(Stored entries)
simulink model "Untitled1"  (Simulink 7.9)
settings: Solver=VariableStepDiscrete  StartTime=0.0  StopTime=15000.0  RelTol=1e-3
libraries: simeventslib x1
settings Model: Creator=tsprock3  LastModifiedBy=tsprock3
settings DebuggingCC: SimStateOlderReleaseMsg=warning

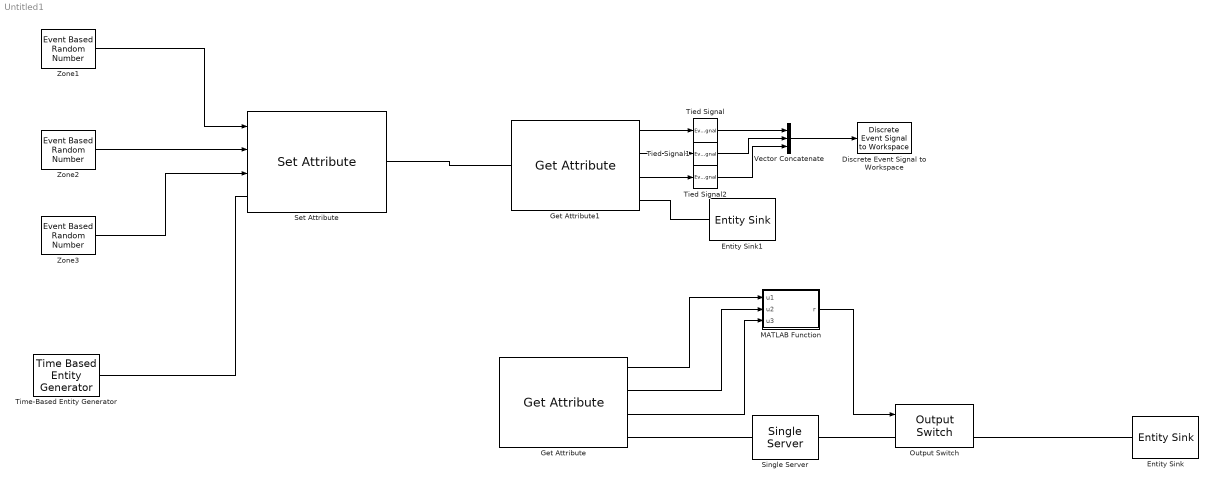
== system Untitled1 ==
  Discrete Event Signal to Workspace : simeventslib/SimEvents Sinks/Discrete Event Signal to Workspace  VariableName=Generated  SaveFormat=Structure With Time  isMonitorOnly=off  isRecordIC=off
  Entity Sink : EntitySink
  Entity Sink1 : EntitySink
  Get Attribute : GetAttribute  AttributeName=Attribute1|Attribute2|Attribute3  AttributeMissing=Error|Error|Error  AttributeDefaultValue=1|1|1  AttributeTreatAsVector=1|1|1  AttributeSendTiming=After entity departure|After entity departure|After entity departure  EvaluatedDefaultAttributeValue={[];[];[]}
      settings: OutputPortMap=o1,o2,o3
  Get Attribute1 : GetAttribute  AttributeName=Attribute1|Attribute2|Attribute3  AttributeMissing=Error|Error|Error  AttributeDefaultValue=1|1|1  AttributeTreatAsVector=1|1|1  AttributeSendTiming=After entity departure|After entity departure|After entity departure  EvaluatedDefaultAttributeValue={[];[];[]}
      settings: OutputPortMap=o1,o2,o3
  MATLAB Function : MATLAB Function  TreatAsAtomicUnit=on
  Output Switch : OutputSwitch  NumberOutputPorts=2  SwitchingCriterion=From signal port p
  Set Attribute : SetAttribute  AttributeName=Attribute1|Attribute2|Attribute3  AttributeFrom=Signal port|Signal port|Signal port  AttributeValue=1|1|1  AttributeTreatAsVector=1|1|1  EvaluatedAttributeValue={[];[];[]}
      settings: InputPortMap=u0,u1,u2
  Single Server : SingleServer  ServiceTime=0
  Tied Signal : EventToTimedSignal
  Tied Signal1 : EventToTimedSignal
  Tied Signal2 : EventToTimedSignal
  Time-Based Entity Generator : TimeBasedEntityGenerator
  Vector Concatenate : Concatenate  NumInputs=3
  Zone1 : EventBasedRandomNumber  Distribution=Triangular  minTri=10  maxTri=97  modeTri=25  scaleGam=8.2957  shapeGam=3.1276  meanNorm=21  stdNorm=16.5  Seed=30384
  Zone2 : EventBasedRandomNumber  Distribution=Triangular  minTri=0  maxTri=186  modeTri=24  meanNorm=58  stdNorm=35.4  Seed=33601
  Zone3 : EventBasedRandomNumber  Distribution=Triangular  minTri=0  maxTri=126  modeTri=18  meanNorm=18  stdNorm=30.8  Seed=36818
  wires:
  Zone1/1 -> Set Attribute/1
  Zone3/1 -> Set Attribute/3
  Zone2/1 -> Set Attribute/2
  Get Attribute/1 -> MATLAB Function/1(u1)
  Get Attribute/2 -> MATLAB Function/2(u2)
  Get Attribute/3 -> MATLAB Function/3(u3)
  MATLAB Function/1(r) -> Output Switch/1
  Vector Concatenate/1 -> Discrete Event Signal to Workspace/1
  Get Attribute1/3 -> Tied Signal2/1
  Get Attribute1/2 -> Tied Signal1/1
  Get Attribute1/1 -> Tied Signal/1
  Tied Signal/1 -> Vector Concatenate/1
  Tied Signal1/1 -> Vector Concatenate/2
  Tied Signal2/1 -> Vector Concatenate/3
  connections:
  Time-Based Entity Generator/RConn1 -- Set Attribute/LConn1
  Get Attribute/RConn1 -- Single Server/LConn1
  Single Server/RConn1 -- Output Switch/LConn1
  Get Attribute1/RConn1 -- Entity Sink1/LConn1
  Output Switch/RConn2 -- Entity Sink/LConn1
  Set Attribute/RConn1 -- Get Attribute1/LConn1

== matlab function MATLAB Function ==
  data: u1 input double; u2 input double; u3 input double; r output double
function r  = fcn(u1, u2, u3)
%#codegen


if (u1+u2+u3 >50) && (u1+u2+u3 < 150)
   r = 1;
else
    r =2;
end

- Task to carry out -
Out of the data above, set down the lines from the one with "Single Server : SingleServer" to the one with "Zone1 : EventBasedRandomNumber", both included, exactly as written and with no additions.

- Your solution -
  Single Server : SingleServer  ServiceTime=0
  Tied Signal : EventToTimedSignal
  Tied Signal1 : EventToTimedSignal
  Tied Signal2 : EventToTimedSignal
  Time-Based Entity Generator : TimeBasedEntityGenerator
  Vector Concatenate : Concatenate  NumInputs=3
  Zone1 : EventBasedRandomNumber  Distribution=Triangular  minTri=10  maxTri=97  modeTri=25  scaleGam=8.2957  shapeGam=3.1276  meanNorm=21  stdNorm=16.5  Seed=30384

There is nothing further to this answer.